> **Given data**:
☆ ☆ ☆ ☆
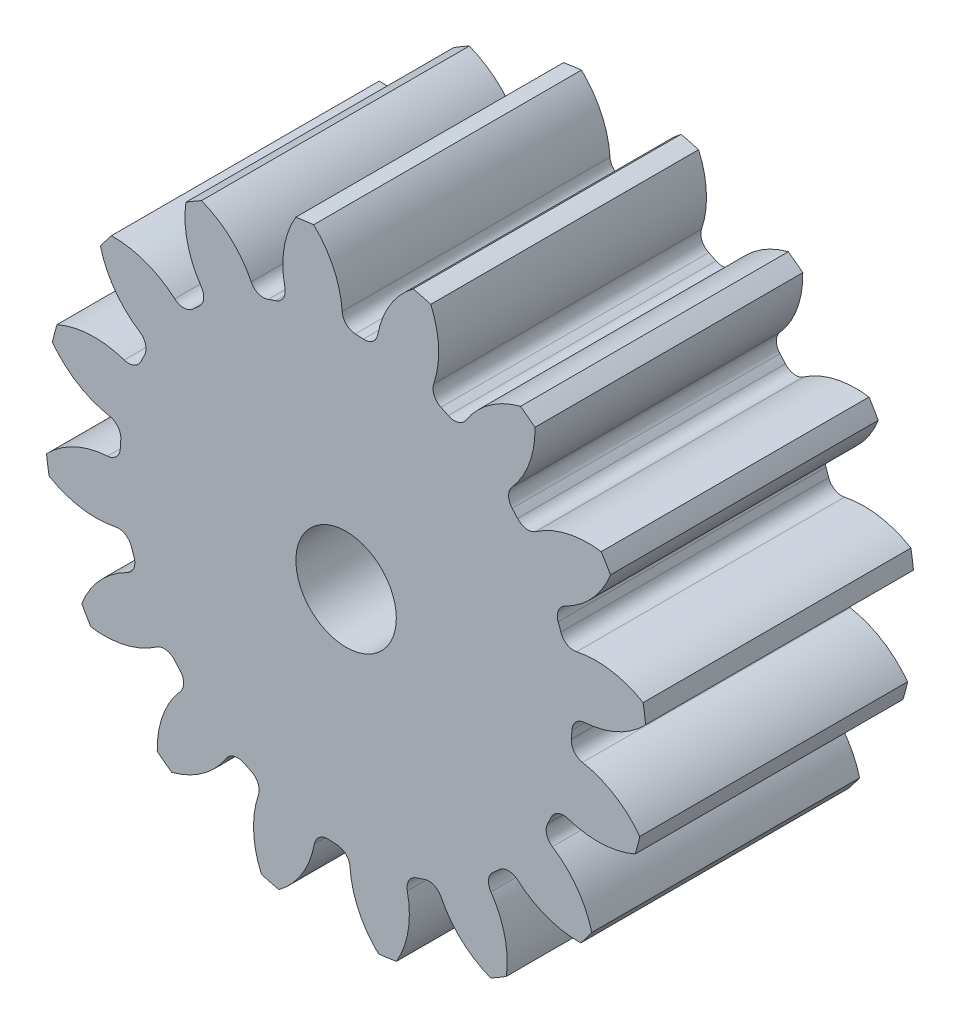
ISO-10303-21;
HEADER;
FILE_DESCRIPTION(('STEP AP214'),'2;1');
FILE_NAME('part.step','',(''),(''),'','','');
FILE_SCHEMA(('AUTOMOTIVE_DESIGN { 1 0 10303 214 1 1 1 1 }'));
ENDSEC;
DATA;
#1=APPLICATION_CONTEXT('core data for automotive mechanical design processes');
#2=APPLICATION_PROTOCOL_DEFINITION('international standard','automotive_design',2000,#1);
#3=PRODUCT_CONTEXT('',#1,'mechanical');
#4=PRODUCT('Part','Part','',(#3));
#5=PRODUCT_RELATED_PRODUCT_CATEGORY('part','',(#4));
#6=PRODUCT_DEFINITION_FORMATION('','',#4);
#7=PRODUCT_DEFINITION_CONTEXT('part definition',#1,'design');
#8=PRODUCT_DEFINITION('design','',#6,#7);
#9=PRODUCT_DEFINITION_SHAPE('','',#8);
#10=(LENGTH_UNIT() NAMED_UNIT(*) SI_UNIT(.MILLI.,.METRE.));
#11=(NAMED_UNIT(*) PLANE_ANGLE_UNIT() SI_UNIT($,.RADIAN.));
#12=(NAMED_UNIT(*) SI_UNIT($,.STERADIAN.) SOLID_ANGLE_UNIT());
#13=UNCERTAINTY_MEASURE_WITH_UNIT(LENGTH_MEASURE(1.E-05),#10,'distance_accuracy_value','');
#14=(GEOMETRIC_REPRESENTATION_CONTEXT(3) GLOBAL_UNCERTAINTY_ASSIGNED_CONTEXT((#13)) GLOBAL_UNIT_ASSIGNED_CONTEXT((#10,
#11,#12)) REPRESENTATION_CONTEXT('',''));
#15=CARTESIAN_POINT('',(0.,0.,0.));
#16=DIRECTION('',(0.,0.,1.));
#17=DIRECTION('',(1.,0.,0.));
#18=AXIS2_PLACEMENT_3D('',#15,#16,#17);
#19=CARTESIAN_POINT('',(0.,0.,101.6));
#20=DIRECTION('',(0.,0.,-1.));
#21=DIRECTION('',(-1.,0.,0.));
#22=AXIS2_PLACEMENT_3D('',#19,#20,#21);
#23=CYLINDRICAL_SURFACE('',#22,114.3);
#24=DIRECTION('',(0.,0.,-1.));
#25=VECTOR('',#24,1.);
#26=CARTESIAN_POINT('',(112.690575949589,19.1134531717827,50.8));
#27=LINE('',#26,#25);
#28=CARTESIAN_POINT('',(112.690575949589,19.1134531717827,101.6));
#29=VERTEX_POINT('',#28);
#30=CARTESIAN_POINT('',(112.690575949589,19.1134531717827,0.));
#31=VERTEX_POINT('',#30);
#32=EDGE_CURVE('E672',#29,#31,#27,.T.);
#33=ORIENTED_EDGE('',*,*,#32,.F.);
#34=CARTESIAN_POINT('',(0.,0.,101.6));
#35=DIRECTION('',(0.,0.,1.));
#36=DIRECTION('',(1.,0.,0.));
#37=AXIS2_PLACEMENT_3D('',#34,#35,#36);
#38=CIRCLE('',#37,114.3);
#39=CARTESIAN_POINT('',(113.635798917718,12.3042758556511,101.6));
#40=VERTEX_POINT('',#39);
#41=EDGE_CURVE('E1241',#40,#29,#38,.T.);
#42=ORIENTED_EDGE('',*,*,#41,.F.);
#43=DIRECTION('',(0.,0.,-1.));
#44=VECTOR('',#43,1.);
#45=CARTESIAN_POINT('',(113.635798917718,12.3042758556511,50.8));
#46=LINE('',#45,#44);
#47=CARTESIAN_POINT('',(113.635798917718,12.3042758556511,0.));
#48=VERTEX_POINT('',#47);
#49=EDGE_CURVE('E1235',#48,#40,#46,.F.);
#50=ORIENTED_EDGE('',*,*,#49,.F.);
#51=CARTESIAN_POINT('',(0.,0.,0.));
#52=DIRECTION('',(0.,0.,1.));
#53=DIRECTION('',(1.,0.,0.));
#54=AXIS2_PLACEMENT_3D('',#51,#52,#53);
#55=CIRCLE('',#54,114.3);
#56=EDGE_CURVE('E1246',#48,#31,#55,.T.);
#57=ORIENTED_EDGE('',*,*,#56,.T.);
#58=EDGE_LOOP('',(#33,#42,#50,#57));
#59=FACE_BOUND('',#58,.T.);
#60=ADVANCED_FACE('F33',(#59),#23,.T.);
#61=DIRECTION('',(0.,0.,-1.));
#62=VECTOR('',#61,1.);
#63=CARTESIAN_POINT('',(100.277146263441,54.854206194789,50.8));
#64=LINE('',#63,#62);
#65=CARTESIAN_POINT('',(100.277146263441,54.854206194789,0.));
#66=VERTEX_POINT('',#65);
#67=CARTESIAN_POINT('',(100.277146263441,54.854206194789,101.6));
#68=VERTEX_POINT('',#67);
#69=EDGE_CURVE('E643',#66,#68,#64,.F.);
#70=ORIENTED_EDGE('',*,*,#69,.F.);
#71=CARTESIAN_POINT('',(96.7981147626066,60.7833445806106,0.));
#72=VERTEX_POINT('',#71);
#73=EDGE_CURVE('E1249',#66,#72,#55,.T.);
#74=ORIENTED_EDGE('',*,*,#73,.T.);
#75=DIRECTION('',(0.,0.,-1.));
#76=VECTOR('',#75,1.);
#77=CARTESIAN_POINT('',(96.7981147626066,60.7833445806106,50.8));
#78=LINE('',#77,#76);
#79=CARTESIAN_POINT('',(96.7981147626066,60.7833445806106,101.6));
#80=VERTEX_POINT('',#79);
#81=EDGE_CURVE('E705',#80,#72,#78,.T.);
#82=ORIENTED_EDGE('',*,*,#81,.F.);
#83=EDGE_CURVE('E1244',#68,#80,#38,.T.);
#84=ORIENTED_EDGE('',*,*,#83,.F.);
#85=EDGE_LOOP('',(#70,#74,#82,#84));
#86=FACE_BOUND('',#85,.T.);
#87=ADVANCED_FACE('F1431',(#86),#23,.T.);
#88=CARTESIAN_POINT('',(0.,0.,101.6));
#89=DIRECTION('',(0.,0.,1.));
#90=DIRECTION('',(1.,0.,0.));
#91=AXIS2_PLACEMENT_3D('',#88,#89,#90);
☆ ☆ ☆ ☆
> **Task statement**: Using the entries above, output exactly the lines between the line holding "#81=EDGE_CURVE('E705',#80,#72,#78,.T.);" and the line holding "#88=CARTESIAN_POINT('',(0.,0.,101.6));", end lines included, and nothing more.

> **Written response**:
#81=EDGE_CURVE('E705',#80,#72,#78,.T.);
#82=ORIENTED_EDGE('',*,*,#81,.F.);
#83=EDGE_CURVE('E1244',#68,#80,#38,.T.);
#84=ORIENTED_EDGE('',*,*,#83,.F.);
#85=EDGE_LOOP('',(#70,#74,#82,#84));
#86=FACE_BOUND('',#85,.T.);
#87=ADVANCED_FACE('F1431',(#86),#23,.T.);
#88=CARTESIAN_POINT('',(0.,0.,101.6));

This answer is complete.